On my wife's I've tried some DSW which worked okay, I've also tried a quick spray of Carplan No 1 after washing and this works well (but does seem to attract a bit more dirt - but is very easy to clean).

I've used some Poorboys wheel sealant on my mates and father in laws and this worked well, just doesn't last as long, so I find it better to use to use on easy design alloys, rather than quite detailed ones (if that makes sense).


----------



## Woodsmoke

I use wonderwheels wheel sealant its not the longest lasting, but its an easy spray on and leave job. so i do it every few washes


----------



## BruceVolvo

Another one for Raceglaze 2 coats and you get 6 months protection, chose this one because you only need a dry spell of 4Hrs in a day to apply and your ready to go, I believe some of the longer lasting sealants need a 24Hr curing time so without the luxury of a garage your taking a chance in this country (not in this current weather we're having though :tumbleweed


----------



## Lexus-is250

I put Wowo's crystal sealant on mine and that should last a good 6 months plus. Easy to use and is excellent on paint and also used as a window sealant. £20 and will last you for years. 

Sent from my SM-G935F using Tapatalk


----------



## pxr5

I just use FK1000P, seems to work well and lasts.


----------



## Kenan

Just use Fusso on mine, was fk1000p before I got Fusso. 

Sent from my Mi A1 using Tapatalk


----------



## wish wash

100% worth it. The extra outlay on a coating is saved by the time saved on how easy the wheels are to clean in the future.


----------



## westerman

I'd never used a specific sealant before and just always washed and waxed the alloys.
Recently I was given a Fortron kit in a nice carry bag. I believe it's an Australian
manufacturer and from what I have read not too brilliant, except for the bag:thumb:. However there is a Fortron 'Alloy wheel Protector' in there and I gave it a go, It acts as a sealant and really makes cleaning the wheels much easier.

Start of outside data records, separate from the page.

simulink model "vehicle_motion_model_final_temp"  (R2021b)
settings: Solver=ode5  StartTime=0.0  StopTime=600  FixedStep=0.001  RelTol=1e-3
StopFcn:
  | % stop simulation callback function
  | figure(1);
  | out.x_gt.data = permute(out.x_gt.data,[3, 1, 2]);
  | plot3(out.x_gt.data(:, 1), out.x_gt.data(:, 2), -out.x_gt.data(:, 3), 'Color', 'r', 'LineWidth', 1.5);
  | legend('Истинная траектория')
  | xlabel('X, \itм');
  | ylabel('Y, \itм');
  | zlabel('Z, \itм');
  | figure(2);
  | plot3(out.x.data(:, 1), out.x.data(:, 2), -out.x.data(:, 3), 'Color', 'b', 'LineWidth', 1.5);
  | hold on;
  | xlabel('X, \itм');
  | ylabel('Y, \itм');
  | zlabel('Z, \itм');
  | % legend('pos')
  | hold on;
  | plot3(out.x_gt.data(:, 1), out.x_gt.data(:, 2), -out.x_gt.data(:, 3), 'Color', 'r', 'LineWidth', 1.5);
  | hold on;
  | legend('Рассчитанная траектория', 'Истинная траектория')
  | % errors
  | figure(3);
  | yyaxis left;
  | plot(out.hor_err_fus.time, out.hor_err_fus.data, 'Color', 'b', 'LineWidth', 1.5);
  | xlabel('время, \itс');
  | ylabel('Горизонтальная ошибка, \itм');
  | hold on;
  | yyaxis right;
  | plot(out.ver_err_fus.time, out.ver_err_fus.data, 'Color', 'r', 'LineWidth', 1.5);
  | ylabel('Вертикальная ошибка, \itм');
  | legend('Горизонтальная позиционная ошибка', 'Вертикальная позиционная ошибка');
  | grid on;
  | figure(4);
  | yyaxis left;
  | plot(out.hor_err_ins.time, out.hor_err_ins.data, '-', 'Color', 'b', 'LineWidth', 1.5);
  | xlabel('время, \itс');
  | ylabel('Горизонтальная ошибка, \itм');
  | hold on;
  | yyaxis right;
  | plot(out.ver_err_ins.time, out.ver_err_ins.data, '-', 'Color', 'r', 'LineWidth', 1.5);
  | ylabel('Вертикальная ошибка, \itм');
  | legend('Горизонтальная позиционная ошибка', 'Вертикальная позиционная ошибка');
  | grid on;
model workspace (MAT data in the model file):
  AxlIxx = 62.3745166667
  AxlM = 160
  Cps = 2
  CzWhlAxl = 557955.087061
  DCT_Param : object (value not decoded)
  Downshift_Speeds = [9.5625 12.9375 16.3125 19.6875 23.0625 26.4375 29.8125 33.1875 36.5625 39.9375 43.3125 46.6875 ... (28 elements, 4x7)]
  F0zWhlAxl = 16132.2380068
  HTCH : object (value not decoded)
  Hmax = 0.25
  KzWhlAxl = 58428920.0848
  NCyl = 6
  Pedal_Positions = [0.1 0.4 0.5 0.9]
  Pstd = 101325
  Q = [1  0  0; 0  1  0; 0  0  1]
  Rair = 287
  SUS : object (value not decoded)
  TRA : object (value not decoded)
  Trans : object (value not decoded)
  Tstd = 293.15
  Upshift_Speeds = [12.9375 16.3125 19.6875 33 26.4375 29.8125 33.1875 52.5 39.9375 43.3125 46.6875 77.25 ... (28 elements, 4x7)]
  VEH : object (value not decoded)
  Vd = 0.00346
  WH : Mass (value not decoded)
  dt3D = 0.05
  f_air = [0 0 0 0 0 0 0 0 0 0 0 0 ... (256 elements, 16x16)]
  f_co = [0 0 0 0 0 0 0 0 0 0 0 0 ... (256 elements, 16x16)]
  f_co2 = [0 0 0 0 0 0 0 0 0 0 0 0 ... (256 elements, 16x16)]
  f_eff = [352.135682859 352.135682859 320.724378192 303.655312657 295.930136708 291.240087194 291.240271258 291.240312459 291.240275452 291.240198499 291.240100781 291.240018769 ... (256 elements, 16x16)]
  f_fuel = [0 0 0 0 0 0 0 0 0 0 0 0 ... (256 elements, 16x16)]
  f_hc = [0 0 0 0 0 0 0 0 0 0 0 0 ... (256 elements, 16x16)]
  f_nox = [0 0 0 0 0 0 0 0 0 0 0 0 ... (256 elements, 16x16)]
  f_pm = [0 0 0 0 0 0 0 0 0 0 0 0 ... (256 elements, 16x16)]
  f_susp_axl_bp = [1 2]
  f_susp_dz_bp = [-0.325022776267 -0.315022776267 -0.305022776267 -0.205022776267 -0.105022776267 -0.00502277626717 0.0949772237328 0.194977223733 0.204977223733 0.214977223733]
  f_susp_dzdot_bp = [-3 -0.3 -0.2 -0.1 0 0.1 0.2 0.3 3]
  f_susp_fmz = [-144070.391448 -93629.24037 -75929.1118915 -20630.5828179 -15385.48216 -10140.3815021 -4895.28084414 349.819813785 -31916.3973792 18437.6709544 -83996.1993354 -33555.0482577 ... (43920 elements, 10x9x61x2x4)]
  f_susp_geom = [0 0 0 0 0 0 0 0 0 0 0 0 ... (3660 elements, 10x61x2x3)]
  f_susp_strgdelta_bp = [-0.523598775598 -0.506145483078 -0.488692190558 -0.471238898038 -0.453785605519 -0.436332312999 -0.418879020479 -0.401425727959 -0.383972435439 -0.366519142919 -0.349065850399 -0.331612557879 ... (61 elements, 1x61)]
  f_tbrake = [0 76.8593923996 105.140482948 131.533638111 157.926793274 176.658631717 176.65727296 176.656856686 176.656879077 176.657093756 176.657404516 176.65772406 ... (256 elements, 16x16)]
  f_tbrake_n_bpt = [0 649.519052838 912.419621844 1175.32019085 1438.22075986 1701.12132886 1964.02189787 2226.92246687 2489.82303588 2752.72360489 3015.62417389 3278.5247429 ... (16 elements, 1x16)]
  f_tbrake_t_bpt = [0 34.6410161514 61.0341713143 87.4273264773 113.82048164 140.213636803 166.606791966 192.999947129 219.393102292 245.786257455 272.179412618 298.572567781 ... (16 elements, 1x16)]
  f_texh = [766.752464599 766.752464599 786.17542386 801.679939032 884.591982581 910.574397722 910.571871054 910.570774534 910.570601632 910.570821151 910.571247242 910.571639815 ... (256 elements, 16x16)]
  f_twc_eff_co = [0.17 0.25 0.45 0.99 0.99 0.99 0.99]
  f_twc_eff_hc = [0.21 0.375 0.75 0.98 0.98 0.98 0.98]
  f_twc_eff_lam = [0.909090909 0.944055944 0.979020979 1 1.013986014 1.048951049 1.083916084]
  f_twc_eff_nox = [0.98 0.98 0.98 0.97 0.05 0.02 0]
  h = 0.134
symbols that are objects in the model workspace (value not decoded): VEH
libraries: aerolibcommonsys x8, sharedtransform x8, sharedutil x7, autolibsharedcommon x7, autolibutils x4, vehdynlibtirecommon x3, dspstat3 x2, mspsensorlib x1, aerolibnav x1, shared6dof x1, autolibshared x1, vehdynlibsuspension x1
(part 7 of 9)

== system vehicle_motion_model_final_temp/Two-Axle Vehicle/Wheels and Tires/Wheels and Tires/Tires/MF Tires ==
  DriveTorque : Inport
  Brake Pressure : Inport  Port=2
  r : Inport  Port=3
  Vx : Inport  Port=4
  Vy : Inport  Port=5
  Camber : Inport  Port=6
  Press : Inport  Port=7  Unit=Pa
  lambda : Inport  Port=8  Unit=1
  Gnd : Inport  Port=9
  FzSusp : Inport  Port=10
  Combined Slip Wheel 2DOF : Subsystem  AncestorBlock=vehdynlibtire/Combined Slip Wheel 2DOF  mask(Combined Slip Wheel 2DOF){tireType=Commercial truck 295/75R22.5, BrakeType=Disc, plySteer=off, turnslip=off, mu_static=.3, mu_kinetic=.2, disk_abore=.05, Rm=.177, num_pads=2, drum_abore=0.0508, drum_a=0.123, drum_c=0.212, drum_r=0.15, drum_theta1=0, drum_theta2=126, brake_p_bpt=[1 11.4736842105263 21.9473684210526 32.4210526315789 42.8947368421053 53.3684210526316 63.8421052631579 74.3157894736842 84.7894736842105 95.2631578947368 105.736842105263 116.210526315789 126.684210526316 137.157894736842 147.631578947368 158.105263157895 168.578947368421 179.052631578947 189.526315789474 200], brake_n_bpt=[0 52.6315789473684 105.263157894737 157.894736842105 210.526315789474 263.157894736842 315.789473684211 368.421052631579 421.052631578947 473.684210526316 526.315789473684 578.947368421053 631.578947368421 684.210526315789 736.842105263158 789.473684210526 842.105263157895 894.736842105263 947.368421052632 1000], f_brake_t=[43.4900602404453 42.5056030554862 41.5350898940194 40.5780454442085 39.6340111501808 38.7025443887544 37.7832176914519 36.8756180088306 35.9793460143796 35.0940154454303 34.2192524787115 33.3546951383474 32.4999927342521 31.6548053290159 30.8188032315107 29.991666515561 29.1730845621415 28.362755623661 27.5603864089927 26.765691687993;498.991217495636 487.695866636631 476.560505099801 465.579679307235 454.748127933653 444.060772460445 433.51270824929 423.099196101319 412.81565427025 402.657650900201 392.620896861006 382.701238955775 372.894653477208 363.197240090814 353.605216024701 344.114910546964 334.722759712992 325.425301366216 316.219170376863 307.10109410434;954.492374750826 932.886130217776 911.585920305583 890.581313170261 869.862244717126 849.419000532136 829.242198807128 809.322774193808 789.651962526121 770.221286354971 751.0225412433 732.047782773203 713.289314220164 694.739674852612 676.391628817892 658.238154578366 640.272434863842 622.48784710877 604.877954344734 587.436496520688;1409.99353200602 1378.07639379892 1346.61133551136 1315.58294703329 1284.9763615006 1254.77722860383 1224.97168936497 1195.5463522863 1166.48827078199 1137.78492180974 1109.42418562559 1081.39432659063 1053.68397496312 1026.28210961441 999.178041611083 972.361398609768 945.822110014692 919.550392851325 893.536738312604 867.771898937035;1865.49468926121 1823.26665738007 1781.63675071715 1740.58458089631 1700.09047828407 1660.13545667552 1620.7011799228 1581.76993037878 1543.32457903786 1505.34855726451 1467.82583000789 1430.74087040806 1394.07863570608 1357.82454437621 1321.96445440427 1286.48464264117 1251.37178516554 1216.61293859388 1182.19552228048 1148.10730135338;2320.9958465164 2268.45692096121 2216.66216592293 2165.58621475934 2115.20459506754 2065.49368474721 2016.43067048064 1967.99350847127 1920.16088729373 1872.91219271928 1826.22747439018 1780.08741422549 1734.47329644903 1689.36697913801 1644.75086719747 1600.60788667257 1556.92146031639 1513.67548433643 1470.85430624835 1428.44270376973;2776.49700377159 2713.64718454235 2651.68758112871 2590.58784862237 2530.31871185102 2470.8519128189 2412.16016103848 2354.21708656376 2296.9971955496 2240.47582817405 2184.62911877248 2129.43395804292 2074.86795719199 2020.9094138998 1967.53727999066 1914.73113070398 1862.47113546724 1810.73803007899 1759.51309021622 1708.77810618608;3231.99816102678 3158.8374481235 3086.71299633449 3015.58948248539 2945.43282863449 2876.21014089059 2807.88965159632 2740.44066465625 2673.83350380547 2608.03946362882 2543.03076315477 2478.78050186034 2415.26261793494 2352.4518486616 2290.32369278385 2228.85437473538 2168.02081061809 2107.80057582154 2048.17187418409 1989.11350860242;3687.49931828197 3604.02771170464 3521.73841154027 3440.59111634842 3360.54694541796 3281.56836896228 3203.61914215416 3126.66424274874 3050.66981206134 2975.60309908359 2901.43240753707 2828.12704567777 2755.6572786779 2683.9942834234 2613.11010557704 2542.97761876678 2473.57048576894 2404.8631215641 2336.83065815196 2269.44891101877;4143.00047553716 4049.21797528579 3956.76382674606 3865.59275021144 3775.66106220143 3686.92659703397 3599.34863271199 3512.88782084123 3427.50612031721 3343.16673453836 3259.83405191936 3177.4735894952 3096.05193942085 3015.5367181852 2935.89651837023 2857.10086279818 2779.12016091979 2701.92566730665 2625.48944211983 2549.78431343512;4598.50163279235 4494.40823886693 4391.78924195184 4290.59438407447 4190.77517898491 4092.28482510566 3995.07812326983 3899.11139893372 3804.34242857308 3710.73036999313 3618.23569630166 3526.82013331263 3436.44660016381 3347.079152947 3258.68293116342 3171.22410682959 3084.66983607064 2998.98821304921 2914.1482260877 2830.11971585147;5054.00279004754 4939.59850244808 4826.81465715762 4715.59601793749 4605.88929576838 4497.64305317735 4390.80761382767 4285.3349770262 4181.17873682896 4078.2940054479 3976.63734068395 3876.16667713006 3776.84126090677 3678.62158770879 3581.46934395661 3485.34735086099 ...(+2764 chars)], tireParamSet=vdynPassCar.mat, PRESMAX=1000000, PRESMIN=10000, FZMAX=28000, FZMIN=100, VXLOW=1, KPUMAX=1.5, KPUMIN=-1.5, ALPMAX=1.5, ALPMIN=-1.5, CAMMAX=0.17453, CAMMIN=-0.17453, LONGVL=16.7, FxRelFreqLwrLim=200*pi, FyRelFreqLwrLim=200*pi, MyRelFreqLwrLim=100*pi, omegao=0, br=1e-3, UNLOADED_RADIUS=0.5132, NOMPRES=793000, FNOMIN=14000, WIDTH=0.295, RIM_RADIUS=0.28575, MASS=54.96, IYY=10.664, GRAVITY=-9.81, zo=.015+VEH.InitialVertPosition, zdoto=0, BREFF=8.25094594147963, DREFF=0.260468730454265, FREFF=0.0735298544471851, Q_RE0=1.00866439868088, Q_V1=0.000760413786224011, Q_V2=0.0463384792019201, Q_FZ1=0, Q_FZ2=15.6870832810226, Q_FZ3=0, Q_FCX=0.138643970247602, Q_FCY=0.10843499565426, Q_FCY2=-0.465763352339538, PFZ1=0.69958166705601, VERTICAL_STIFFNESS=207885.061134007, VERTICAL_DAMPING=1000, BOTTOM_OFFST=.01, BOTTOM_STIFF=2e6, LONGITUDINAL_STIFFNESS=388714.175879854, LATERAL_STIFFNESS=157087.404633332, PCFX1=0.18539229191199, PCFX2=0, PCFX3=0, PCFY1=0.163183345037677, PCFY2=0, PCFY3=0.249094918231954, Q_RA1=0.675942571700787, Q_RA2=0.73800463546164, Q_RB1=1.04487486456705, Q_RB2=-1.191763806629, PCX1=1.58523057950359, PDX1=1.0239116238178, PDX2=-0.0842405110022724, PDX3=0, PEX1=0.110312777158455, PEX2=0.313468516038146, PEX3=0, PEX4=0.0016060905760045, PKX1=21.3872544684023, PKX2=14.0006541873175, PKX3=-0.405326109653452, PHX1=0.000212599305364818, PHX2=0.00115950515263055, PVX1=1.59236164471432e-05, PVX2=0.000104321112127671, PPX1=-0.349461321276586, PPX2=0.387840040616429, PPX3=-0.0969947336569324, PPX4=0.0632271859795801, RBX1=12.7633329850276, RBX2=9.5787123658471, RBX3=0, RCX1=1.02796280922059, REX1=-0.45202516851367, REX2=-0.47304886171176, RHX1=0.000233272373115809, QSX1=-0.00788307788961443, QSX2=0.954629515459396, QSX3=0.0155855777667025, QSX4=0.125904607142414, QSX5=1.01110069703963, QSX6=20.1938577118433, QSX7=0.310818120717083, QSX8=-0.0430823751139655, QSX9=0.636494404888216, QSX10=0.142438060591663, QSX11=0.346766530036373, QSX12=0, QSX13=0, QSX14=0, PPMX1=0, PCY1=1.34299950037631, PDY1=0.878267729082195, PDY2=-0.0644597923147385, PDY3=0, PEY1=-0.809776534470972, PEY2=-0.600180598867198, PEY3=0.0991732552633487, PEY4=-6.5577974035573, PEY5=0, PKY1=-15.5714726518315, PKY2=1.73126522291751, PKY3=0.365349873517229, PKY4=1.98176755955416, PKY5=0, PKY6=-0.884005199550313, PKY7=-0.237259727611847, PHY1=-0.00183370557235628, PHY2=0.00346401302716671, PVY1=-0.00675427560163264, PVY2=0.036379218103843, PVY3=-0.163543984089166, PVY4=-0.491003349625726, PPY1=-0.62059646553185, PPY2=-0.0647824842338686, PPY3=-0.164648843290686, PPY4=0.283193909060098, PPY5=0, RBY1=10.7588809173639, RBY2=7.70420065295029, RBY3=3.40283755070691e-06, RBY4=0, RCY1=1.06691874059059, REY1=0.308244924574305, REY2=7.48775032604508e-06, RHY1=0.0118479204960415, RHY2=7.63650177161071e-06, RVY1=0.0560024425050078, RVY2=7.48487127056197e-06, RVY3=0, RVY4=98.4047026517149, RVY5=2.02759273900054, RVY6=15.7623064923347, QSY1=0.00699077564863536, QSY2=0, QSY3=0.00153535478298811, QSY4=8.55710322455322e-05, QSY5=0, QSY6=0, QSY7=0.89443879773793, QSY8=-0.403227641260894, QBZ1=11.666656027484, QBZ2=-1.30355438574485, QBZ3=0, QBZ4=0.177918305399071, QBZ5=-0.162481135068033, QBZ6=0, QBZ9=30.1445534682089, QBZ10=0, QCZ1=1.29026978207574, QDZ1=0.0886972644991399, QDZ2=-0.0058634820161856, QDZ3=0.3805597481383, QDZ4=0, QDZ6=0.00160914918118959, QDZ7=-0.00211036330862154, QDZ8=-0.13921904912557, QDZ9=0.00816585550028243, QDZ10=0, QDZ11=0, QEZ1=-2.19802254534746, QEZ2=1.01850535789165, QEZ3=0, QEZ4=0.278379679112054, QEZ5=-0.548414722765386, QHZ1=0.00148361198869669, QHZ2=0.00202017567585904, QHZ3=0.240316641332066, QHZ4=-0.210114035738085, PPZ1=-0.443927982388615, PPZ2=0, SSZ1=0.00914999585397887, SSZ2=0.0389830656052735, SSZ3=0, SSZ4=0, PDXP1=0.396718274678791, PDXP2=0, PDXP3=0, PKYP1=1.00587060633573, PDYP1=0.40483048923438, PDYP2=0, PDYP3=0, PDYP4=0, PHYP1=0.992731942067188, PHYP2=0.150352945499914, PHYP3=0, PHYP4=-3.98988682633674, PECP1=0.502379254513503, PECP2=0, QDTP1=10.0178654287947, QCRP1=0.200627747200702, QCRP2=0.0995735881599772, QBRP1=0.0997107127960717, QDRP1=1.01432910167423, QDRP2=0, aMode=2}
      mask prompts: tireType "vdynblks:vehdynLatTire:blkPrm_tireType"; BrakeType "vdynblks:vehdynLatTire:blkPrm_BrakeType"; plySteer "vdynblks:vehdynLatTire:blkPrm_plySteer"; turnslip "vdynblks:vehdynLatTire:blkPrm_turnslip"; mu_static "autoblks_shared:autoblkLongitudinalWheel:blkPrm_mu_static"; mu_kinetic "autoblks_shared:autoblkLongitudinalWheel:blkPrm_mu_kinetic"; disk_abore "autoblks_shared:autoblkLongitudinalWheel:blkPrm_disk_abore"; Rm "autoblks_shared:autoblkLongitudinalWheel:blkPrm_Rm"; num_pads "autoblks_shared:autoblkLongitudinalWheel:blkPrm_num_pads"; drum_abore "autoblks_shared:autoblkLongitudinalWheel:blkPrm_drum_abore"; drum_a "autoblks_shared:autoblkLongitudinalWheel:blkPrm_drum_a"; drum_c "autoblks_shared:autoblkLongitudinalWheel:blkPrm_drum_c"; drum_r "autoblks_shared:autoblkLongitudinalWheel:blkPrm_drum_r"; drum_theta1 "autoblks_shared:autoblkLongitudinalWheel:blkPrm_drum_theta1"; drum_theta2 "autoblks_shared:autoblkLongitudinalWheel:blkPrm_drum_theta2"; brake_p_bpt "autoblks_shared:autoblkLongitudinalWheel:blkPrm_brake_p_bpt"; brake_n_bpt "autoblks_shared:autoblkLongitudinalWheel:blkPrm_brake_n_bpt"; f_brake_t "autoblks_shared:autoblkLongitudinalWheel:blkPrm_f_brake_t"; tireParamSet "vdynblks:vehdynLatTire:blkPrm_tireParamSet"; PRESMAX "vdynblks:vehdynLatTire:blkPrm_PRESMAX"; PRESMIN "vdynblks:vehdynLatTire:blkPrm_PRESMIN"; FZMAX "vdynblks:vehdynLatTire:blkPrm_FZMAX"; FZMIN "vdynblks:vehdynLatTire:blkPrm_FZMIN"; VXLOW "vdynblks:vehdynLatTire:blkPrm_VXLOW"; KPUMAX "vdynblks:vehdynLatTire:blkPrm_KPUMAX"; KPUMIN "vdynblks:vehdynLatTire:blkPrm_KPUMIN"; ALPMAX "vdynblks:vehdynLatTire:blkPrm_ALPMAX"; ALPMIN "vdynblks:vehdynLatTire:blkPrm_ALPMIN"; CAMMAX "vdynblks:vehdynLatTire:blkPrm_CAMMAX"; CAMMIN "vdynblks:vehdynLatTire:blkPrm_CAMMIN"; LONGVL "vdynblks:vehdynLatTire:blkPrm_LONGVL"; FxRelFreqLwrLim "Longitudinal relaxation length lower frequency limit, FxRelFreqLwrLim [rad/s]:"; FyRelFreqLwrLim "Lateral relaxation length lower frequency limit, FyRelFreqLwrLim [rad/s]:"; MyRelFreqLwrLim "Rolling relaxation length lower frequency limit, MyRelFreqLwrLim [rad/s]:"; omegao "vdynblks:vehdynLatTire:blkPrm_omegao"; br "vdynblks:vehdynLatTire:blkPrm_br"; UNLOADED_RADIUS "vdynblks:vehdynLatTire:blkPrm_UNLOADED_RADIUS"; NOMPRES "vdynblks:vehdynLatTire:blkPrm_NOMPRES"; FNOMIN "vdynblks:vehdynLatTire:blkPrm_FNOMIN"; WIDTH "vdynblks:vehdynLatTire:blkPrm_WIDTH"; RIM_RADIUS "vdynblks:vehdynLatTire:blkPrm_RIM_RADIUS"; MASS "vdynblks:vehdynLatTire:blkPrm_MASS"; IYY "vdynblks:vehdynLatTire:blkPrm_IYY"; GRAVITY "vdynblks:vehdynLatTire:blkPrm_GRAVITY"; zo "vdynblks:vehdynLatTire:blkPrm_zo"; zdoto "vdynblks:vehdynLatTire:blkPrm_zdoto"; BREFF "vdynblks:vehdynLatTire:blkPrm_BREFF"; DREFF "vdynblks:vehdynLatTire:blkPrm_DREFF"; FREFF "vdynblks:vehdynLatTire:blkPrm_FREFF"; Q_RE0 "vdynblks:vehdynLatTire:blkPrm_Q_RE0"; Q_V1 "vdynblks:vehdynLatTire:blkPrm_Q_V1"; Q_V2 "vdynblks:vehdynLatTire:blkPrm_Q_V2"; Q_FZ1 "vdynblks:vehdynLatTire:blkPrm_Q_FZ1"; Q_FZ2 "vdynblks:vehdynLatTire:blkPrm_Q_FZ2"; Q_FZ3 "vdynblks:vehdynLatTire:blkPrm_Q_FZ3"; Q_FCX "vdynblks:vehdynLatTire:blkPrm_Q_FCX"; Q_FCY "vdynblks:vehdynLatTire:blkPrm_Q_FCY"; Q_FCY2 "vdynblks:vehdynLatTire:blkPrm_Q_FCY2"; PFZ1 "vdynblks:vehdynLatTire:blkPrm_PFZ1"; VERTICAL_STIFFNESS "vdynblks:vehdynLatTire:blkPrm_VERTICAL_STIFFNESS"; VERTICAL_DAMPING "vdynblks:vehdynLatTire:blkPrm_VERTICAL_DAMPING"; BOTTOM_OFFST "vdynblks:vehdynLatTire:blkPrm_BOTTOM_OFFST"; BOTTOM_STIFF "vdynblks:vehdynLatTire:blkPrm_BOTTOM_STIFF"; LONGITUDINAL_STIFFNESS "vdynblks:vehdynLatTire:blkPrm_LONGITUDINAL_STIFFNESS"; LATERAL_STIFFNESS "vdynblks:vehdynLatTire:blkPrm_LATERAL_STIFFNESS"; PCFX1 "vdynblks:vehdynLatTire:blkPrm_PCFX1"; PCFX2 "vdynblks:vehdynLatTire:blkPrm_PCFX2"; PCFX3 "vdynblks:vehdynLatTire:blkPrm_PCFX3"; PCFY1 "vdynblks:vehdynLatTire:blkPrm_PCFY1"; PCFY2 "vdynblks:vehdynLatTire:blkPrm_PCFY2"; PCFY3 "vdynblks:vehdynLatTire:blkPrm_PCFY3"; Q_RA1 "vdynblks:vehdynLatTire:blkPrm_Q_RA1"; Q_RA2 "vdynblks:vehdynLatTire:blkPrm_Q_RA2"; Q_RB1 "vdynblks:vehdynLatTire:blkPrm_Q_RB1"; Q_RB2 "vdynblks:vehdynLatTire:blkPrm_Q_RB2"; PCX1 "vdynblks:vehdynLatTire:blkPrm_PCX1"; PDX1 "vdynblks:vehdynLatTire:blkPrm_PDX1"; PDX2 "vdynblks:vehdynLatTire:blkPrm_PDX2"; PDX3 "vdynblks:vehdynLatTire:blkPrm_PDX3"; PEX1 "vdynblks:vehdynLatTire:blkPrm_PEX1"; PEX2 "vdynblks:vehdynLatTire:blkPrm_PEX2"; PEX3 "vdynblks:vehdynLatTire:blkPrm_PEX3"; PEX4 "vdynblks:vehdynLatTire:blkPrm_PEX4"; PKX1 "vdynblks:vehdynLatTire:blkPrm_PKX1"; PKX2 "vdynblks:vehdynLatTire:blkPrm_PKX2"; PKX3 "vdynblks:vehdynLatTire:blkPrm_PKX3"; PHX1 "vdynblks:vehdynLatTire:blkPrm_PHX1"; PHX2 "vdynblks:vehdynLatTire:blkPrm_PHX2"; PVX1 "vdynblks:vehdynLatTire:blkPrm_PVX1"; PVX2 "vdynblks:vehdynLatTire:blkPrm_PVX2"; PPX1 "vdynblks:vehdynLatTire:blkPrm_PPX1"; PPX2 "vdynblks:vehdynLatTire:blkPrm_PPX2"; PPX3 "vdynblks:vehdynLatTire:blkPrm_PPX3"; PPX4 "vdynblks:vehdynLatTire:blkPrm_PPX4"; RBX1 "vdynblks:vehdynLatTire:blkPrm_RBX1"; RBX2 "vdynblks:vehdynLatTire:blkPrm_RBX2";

After this I will certainly be looking for a wheel sealant in future.

Harry


----------



## garycha

Been using C5 for years. top it up with C2, Wetcoat, or BED from times to time. Lasts well for a year without having to use acidic or caustic alloy cleaners.

Gyeon Rim is going on at end of summer pre winter detail.


----------



## thedumpster

I've got brake pads that are generating really bad brake dust. I've Gtechniq C5 on one front wheel which is fully cleaned (took me about 4hrs over a number of days to clean the wheel !) and FK1000P on the other until I manage to fully clean it.

The C5 is really impressive the brake dust removes easier and better than the FK1000P as well hopefully lasting much longer. Once I get the other wheels fully cleaned C5 will be going on them all.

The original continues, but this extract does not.